■ What the exercise asks
Please give back word for word the lines below, from the first one through the one with "line L2 (-2.5571, -57.2176)".

■ Information supplied
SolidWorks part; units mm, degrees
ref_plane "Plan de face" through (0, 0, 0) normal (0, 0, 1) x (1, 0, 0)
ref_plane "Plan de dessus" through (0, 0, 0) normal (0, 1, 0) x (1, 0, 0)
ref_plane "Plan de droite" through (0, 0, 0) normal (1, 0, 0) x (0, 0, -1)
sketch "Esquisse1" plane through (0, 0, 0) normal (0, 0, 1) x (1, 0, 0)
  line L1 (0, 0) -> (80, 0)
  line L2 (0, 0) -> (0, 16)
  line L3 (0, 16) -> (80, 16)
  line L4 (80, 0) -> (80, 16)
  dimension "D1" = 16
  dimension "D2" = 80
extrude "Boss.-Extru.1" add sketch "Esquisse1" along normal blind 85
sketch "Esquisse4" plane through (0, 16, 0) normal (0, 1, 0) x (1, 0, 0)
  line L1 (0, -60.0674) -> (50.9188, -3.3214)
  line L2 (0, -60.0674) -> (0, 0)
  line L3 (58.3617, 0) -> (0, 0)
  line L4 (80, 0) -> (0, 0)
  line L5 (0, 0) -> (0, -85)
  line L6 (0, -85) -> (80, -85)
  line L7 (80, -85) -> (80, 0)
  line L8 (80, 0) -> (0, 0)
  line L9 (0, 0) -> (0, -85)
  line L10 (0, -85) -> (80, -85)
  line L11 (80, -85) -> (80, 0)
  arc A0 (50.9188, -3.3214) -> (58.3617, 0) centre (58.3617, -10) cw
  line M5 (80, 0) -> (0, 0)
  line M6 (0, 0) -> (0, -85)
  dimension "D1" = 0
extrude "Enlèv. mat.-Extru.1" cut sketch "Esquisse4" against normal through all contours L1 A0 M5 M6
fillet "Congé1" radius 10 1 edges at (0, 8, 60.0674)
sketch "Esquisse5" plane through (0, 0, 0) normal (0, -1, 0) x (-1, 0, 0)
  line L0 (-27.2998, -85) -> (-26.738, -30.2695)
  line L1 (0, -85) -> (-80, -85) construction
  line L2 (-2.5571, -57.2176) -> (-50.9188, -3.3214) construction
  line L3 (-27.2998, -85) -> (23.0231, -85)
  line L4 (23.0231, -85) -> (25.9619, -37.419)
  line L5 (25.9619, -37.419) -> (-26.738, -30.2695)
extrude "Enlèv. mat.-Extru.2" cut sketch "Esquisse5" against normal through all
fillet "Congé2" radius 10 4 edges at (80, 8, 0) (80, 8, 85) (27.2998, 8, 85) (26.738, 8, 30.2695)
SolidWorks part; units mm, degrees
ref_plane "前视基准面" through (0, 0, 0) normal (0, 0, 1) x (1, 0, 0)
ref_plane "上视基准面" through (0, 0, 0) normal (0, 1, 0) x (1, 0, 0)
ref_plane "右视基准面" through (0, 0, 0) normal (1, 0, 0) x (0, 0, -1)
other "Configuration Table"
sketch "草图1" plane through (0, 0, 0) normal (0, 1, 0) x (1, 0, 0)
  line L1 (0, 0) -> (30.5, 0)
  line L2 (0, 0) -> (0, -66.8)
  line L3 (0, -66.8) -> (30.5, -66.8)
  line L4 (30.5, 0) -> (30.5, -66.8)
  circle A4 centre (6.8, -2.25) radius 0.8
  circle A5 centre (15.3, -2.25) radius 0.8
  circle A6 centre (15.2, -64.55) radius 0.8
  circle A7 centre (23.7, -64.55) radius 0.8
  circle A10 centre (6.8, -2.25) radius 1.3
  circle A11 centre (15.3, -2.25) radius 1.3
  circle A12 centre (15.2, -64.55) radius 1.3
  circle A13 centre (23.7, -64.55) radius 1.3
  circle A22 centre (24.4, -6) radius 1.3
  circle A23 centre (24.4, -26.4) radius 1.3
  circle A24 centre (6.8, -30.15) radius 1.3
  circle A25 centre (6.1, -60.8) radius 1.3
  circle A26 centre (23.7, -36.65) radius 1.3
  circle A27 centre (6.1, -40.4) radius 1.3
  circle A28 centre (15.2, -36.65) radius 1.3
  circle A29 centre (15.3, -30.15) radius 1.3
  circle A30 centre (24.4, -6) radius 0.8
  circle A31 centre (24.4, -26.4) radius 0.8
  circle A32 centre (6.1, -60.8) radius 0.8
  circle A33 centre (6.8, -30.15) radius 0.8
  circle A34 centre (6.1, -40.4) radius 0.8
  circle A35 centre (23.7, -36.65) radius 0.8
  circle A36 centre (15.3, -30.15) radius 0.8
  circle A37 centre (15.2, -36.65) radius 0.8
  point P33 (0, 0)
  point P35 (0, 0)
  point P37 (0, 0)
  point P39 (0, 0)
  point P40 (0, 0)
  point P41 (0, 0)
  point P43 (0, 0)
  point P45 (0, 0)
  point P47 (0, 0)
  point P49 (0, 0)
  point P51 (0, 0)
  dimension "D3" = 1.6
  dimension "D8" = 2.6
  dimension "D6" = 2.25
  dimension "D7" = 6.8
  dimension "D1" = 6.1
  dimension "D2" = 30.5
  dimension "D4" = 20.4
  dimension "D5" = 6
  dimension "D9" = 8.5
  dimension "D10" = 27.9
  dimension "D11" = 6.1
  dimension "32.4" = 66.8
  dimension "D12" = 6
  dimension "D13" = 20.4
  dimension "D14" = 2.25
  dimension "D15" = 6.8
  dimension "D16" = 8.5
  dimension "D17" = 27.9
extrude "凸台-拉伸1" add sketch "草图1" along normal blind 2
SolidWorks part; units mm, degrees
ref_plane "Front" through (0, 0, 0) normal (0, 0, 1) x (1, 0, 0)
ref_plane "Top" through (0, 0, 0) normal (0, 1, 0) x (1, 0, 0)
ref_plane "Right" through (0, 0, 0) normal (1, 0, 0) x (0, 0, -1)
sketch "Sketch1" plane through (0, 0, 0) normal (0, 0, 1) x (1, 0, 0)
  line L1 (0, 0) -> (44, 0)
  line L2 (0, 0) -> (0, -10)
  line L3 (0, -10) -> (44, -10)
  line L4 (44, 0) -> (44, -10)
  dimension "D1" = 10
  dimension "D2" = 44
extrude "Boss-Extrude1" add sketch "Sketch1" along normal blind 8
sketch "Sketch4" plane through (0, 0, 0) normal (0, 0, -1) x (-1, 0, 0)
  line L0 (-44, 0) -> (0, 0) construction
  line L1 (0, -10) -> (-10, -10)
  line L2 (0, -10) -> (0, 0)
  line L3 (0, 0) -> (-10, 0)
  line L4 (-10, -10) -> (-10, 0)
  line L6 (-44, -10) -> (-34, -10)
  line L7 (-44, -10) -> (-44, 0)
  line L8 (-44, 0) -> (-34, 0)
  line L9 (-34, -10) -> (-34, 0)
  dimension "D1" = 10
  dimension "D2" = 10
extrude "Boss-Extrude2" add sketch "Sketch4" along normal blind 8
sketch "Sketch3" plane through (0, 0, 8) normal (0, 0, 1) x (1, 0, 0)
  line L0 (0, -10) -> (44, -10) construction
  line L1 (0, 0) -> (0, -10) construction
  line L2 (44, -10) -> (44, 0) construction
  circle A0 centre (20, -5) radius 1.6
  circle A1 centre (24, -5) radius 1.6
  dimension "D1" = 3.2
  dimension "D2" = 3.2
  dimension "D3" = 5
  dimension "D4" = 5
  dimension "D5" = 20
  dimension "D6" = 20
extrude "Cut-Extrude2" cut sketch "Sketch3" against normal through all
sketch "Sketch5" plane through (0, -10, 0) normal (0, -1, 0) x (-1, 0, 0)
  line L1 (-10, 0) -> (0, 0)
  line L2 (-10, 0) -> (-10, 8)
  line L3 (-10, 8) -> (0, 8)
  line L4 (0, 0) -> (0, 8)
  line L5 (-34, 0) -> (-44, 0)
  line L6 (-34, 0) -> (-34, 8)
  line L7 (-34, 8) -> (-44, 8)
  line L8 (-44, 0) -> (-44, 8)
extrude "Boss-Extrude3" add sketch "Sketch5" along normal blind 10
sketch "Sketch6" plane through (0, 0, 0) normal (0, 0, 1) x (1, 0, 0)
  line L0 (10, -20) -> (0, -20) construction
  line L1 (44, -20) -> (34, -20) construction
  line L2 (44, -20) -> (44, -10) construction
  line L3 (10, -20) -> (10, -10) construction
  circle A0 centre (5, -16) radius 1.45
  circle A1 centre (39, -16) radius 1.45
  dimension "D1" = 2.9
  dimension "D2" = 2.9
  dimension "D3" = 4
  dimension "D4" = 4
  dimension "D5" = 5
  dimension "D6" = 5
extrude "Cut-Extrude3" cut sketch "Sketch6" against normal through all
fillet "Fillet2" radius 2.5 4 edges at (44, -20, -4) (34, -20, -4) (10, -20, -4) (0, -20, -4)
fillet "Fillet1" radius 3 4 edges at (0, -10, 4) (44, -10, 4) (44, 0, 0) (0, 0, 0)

■ Expected output
SolidWorks part; units mm, degrees
ref_plane "Plan de face" through (0, 0, 0) normal (0, 0, 1) x (1, 0, 0)
ref_plane "Plan de dessus" through (0, 0, 0) normal (0, 1, 0) x (1, 0, 0)
ref_plane "Plan de droite" through (0, 0, 0) normal (1, 0, 0) x (0, 0, -1)
sketch "Esquisse1" plane through (0, 0, 0) normal (0, 0, 1) x (1, 0, 0)
  line L1 (0, 0) -> (80, 0)
  line L2 (0, 0) -> (0, 16)
  line L3 (0, 16) -> (80, 16)
  line L4 (80, 0) -> (80, 16)
  dimension "D1" = 16
  dimension "D2" = 80
extrude "Boss.-Extru.1" add sketch "Esquisse1" along normal blind 85
sketch "Esquisse4" plane through (0, 16, 0) normal (0, 1, 0) x (1, 0, 0)
  line L1 (0, -60.0674) -> (50.9188, -3.3214)
  line L2 (0, -60.0674) -> (0, 0)
  line L3 (58.3617, 0) -> (0, 0)
  line L4 (80, 0) -> (0, 0)
  line L5 (0, 0) -> (0, -85)
  line L6 (0, -85) -> (80, -85)
  line L7 (80, -85) -> (80, 0)
  line L8 (80, 0) -> (0, 0)
  line L9 (0, 0) -> (0, -85)
  line L10 (0, -85) -> (80, -85)
  line L11 (80, -85) -> (80, 0)
  arc A0 (50.9188, -3.3214) -> (58.3617, 0) centre (58.3617, -10) cw
  line M5 (80, 0) -> (0, 0)
  line M6 (0, 0) -> (0, -85)
  dimension "D1" = 0
extrude "Enlèv. mat.-Extru.1" cut sketch "Esquisse4" against normal through all contours L1 A0 M5 M6
fillet "Congé1" radius 10 1 edges at (0, 8, 60.0674)
sketch "Esquisse5" plane through (0, 0, 0) normal (0, -1, 0) x (-1, 0, 0)
  line L0 (-27.2998, -85) -> (-26.738, -30.2695)
  line L1 (0, -85) -> (-80, -85) construction
  line L2 (-2.5571, -57.2176) -> (-50.9188, -3.3214) construction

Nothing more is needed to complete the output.